(Data entries)
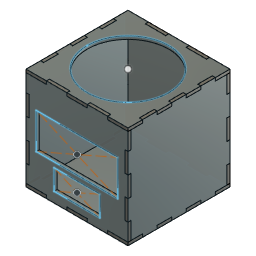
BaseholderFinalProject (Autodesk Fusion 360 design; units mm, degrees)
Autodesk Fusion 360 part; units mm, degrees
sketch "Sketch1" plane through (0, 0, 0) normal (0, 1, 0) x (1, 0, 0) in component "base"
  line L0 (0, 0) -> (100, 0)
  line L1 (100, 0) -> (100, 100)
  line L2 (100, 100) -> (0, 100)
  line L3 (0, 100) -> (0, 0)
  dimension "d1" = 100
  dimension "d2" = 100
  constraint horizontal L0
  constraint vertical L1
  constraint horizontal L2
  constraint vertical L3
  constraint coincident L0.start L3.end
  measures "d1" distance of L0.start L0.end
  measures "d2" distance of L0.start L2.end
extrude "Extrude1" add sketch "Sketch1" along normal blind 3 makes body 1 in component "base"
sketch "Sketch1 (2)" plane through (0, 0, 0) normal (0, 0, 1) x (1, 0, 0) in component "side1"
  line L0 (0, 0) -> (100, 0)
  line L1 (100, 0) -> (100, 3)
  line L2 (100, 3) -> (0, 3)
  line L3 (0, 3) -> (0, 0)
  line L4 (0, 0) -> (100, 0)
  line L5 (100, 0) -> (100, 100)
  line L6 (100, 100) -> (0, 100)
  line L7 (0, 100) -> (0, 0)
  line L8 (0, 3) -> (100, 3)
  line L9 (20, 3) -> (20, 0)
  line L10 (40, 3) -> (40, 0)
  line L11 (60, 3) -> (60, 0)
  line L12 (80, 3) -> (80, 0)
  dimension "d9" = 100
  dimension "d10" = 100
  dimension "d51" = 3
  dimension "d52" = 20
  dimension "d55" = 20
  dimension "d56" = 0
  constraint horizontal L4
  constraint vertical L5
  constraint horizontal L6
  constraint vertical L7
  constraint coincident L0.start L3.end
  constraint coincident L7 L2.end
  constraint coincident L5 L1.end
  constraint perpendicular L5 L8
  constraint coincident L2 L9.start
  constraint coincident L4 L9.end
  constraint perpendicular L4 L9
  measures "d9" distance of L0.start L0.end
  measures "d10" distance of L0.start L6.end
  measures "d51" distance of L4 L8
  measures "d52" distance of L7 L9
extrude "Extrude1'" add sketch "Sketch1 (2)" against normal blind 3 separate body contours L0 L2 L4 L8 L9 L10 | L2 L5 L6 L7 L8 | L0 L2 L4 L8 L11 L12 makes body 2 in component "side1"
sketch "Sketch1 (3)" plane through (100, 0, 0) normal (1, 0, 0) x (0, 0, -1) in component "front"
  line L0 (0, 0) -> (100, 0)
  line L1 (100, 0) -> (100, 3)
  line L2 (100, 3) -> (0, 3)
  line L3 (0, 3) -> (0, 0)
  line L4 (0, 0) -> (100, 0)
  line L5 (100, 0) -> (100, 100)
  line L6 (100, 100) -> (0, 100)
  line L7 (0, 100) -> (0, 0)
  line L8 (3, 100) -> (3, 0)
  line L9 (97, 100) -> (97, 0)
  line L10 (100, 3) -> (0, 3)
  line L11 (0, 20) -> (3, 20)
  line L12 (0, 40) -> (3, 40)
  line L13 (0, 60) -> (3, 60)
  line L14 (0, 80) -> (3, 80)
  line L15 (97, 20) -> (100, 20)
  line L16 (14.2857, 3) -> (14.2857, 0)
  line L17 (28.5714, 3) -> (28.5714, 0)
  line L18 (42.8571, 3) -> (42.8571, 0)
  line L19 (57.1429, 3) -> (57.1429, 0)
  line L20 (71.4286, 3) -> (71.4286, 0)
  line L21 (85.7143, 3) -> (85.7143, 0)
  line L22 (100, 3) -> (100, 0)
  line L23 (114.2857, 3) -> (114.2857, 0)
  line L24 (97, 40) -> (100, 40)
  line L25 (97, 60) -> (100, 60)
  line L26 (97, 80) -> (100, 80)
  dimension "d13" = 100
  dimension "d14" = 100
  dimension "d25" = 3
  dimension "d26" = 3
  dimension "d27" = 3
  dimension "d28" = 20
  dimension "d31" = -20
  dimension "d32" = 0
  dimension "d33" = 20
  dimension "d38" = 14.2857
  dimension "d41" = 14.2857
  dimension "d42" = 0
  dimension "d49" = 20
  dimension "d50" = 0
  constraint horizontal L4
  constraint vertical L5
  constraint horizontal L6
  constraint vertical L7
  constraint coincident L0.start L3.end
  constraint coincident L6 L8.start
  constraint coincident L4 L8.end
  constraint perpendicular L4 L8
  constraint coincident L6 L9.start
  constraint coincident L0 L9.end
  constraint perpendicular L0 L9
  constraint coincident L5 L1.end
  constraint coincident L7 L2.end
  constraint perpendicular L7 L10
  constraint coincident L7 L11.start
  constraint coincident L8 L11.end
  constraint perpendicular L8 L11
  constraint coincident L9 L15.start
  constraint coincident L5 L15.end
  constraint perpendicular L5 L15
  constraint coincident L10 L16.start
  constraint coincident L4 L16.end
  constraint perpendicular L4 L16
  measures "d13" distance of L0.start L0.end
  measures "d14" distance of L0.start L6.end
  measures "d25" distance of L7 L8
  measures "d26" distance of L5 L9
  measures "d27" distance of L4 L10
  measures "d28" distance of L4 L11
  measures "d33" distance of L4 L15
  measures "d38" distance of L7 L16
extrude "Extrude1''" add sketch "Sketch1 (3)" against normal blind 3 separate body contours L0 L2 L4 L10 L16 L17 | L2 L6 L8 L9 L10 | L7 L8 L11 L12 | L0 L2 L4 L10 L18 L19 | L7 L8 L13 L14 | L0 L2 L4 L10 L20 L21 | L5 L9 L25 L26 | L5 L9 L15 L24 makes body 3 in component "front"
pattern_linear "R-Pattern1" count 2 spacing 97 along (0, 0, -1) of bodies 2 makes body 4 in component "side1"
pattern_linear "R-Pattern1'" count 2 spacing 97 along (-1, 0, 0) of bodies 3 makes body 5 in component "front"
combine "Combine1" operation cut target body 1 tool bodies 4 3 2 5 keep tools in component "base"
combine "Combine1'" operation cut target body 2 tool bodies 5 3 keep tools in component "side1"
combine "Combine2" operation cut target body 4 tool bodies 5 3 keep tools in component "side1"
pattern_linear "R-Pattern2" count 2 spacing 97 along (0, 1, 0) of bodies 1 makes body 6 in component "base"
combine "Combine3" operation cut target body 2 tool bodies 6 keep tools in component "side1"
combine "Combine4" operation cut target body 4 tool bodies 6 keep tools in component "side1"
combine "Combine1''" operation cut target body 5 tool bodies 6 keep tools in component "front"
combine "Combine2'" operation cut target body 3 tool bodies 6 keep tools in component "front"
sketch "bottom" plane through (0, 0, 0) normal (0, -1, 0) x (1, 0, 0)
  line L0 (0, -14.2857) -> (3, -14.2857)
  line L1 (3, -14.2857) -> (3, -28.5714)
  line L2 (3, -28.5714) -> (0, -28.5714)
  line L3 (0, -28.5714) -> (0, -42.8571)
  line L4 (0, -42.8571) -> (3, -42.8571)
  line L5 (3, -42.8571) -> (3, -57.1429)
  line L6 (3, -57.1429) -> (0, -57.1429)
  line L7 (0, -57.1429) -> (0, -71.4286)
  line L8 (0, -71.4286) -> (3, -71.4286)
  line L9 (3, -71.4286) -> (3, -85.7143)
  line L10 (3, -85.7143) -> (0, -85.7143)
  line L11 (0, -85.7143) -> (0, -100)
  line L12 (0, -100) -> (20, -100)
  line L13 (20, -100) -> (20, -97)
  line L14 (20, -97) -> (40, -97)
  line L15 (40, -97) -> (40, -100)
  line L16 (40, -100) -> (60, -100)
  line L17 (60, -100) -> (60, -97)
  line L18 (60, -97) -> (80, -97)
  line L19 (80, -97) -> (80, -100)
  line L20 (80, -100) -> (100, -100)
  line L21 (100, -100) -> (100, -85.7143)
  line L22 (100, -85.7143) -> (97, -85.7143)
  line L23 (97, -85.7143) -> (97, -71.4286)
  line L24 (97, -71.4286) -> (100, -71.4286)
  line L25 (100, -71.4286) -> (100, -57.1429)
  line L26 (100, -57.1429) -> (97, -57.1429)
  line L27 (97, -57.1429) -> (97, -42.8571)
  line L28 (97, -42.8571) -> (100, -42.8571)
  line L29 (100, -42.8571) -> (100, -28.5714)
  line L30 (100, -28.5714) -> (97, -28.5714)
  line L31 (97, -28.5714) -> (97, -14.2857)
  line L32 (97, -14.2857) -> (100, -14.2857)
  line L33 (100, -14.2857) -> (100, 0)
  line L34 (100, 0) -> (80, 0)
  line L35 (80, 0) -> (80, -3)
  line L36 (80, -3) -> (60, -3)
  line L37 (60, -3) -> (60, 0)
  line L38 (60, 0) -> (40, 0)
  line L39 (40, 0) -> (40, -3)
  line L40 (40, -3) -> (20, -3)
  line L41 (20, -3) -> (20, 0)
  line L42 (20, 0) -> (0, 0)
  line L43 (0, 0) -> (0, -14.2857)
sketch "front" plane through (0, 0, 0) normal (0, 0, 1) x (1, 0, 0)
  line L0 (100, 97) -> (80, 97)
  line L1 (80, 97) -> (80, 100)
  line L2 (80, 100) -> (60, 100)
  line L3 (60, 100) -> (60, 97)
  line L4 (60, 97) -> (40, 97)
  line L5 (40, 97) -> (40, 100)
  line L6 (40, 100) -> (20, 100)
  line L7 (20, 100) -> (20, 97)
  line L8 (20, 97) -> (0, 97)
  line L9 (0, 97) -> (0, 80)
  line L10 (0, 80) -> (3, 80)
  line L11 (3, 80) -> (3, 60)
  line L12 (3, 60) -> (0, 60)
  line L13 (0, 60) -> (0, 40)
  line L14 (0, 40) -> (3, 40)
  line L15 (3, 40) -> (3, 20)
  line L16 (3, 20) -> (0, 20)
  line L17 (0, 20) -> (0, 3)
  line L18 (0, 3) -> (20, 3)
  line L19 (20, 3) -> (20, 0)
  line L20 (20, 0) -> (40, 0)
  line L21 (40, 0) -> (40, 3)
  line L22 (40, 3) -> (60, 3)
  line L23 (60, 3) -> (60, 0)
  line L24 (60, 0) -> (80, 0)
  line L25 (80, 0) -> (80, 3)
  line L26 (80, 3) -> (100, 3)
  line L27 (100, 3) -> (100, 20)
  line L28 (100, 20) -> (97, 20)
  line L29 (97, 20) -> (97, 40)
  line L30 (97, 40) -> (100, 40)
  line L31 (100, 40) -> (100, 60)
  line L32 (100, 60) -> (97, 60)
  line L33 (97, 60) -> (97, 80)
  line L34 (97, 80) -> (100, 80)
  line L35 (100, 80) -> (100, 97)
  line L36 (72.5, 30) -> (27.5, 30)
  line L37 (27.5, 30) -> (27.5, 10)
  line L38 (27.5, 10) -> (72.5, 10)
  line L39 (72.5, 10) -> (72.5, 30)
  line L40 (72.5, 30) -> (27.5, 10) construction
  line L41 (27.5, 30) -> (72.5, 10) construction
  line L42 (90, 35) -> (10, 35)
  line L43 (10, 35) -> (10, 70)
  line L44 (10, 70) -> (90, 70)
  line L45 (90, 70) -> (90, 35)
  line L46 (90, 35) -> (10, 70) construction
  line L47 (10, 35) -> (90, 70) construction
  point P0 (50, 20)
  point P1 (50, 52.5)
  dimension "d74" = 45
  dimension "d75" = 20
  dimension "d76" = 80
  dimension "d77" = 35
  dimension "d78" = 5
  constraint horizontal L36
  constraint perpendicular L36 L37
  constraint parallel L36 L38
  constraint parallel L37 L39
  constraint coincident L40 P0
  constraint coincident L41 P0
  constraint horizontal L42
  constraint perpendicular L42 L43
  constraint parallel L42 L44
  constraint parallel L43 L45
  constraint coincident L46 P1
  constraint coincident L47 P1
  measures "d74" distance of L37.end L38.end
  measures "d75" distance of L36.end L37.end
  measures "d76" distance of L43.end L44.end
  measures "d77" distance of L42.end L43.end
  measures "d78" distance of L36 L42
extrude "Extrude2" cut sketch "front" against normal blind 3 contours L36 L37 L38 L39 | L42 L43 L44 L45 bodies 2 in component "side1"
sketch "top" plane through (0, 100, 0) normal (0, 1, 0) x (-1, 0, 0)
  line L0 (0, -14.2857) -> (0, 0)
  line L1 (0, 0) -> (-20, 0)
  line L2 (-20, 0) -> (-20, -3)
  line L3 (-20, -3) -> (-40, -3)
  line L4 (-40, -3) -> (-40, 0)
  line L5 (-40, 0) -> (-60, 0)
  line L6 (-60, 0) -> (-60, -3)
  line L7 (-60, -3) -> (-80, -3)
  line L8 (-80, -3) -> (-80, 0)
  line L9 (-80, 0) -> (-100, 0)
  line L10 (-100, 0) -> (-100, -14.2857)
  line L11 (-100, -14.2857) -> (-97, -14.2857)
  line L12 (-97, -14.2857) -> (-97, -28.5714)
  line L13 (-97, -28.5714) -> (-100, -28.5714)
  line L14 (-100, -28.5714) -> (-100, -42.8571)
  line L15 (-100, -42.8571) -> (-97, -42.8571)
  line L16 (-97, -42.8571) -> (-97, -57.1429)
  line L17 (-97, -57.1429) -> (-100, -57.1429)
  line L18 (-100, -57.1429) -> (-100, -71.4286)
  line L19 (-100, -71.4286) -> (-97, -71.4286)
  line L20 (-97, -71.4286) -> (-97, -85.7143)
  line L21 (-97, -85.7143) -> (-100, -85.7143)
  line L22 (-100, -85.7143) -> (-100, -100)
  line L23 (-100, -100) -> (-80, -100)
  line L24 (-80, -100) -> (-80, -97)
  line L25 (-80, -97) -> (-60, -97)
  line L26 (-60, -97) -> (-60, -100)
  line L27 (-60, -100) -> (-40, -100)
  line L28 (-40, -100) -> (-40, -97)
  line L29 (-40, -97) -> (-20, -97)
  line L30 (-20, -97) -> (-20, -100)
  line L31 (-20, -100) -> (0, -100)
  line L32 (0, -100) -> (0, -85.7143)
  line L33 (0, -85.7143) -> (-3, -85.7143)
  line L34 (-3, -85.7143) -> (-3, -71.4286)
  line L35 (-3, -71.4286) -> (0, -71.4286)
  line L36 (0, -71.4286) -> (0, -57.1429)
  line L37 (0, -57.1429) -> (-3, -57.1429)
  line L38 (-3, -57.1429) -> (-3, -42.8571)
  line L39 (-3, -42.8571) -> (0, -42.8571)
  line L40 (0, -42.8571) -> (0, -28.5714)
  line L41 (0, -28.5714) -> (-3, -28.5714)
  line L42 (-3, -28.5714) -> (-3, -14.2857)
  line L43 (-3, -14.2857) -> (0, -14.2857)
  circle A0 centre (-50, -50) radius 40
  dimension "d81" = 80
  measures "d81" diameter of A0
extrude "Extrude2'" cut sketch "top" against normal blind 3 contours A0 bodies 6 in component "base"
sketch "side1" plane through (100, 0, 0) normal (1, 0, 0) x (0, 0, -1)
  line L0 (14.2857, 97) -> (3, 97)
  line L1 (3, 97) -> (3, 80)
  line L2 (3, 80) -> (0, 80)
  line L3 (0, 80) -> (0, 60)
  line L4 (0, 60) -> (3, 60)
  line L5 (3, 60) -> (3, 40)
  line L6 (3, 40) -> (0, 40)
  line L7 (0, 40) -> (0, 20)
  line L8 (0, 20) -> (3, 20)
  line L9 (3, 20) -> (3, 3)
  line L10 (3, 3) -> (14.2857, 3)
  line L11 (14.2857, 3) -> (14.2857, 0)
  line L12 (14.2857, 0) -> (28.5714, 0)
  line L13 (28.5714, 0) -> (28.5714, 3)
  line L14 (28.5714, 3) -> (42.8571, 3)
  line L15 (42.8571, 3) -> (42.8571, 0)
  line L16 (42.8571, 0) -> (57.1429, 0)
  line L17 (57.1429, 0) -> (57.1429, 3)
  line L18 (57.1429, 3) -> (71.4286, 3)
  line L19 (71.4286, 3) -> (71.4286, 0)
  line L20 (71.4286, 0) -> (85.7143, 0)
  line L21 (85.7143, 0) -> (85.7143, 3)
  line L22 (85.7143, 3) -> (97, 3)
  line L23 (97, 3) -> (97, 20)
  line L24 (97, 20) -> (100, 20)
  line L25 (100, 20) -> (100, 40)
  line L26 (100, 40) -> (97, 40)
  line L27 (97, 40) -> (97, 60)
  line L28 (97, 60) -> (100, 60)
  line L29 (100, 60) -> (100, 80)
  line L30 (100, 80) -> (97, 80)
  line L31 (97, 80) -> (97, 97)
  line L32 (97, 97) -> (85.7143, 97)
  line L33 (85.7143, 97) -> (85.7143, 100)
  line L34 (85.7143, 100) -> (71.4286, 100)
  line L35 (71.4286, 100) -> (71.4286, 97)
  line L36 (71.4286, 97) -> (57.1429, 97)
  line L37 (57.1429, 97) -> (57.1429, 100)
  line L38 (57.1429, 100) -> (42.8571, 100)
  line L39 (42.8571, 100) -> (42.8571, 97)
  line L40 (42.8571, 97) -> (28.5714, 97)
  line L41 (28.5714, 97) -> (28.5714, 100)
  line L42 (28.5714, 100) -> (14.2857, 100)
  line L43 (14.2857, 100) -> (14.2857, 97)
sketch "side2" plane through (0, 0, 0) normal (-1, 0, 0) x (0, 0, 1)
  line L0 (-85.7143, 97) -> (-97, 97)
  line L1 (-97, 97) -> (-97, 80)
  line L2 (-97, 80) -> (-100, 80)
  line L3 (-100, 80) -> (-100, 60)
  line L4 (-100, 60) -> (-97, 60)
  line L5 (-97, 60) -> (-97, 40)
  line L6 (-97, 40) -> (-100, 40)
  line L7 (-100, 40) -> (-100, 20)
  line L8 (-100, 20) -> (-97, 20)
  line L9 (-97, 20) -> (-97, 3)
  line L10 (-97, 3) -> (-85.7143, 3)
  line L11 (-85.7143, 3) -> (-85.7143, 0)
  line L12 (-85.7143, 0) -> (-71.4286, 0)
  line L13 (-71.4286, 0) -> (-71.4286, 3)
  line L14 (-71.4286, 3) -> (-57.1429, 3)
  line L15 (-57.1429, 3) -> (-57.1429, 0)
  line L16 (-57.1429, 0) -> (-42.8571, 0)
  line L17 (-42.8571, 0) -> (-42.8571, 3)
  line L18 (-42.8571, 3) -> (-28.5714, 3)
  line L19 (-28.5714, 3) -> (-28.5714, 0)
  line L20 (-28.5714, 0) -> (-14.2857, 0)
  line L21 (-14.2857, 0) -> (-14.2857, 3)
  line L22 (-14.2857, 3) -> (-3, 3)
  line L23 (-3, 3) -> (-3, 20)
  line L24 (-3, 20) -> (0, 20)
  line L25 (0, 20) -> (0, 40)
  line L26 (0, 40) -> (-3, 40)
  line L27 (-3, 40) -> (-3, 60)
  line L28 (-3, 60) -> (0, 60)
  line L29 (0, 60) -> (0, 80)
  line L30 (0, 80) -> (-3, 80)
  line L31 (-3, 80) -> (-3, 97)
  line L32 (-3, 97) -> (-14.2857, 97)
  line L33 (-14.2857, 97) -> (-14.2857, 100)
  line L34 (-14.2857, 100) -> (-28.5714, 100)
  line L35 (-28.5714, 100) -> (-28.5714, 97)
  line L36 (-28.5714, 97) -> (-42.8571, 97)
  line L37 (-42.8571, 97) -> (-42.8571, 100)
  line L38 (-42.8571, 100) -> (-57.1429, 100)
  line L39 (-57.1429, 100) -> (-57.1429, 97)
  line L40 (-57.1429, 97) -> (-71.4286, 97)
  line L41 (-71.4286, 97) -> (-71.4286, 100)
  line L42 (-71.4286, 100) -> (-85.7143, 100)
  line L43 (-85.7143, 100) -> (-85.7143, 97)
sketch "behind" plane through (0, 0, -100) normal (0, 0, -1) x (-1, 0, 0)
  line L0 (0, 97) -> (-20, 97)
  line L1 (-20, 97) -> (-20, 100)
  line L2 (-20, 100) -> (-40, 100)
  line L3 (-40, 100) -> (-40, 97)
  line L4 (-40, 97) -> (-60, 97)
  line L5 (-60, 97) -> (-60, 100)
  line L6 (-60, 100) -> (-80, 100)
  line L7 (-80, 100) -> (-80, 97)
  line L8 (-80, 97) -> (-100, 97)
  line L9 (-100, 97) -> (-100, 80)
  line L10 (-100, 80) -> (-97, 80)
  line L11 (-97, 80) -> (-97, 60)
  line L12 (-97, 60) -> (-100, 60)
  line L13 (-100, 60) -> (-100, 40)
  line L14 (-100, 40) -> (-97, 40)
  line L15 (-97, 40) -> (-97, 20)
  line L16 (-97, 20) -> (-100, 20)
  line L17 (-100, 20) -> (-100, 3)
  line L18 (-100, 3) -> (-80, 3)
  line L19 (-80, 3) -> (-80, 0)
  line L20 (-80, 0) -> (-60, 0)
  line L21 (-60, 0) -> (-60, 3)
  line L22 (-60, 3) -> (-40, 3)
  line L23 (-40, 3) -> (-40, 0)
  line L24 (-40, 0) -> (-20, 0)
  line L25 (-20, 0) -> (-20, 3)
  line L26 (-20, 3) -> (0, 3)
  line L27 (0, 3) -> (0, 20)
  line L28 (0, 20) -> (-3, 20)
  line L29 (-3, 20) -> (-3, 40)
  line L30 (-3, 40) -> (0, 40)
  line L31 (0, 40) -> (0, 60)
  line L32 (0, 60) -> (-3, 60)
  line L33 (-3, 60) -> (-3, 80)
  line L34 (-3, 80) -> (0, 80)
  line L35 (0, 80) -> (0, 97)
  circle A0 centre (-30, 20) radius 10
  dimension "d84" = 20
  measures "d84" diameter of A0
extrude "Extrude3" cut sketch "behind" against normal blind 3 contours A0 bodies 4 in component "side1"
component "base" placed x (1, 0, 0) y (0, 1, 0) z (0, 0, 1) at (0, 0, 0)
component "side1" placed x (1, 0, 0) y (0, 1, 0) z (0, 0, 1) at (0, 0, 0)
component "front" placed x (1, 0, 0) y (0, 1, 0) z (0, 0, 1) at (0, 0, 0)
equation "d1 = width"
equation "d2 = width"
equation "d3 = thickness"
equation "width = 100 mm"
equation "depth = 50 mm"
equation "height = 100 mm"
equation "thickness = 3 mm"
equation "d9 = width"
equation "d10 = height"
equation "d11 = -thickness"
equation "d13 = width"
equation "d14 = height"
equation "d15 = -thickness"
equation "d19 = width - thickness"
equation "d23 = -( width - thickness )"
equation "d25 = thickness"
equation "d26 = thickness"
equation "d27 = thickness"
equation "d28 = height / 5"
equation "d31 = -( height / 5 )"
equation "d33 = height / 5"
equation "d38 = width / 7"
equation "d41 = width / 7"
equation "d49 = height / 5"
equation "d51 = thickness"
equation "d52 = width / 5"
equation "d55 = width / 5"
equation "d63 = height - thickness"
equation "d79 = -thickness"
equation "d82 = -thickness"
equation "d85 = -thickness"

▶ _PROBLEM TO WORK ON_
Copy every line from the data that includes the string "Autodesk".

▶ _YOUR SOLUTION_
BaseholderFinalProject (Autodesk Fusion 360 design; units mm, degrees)
Autodesk Fusion 360 part; units mm, degrees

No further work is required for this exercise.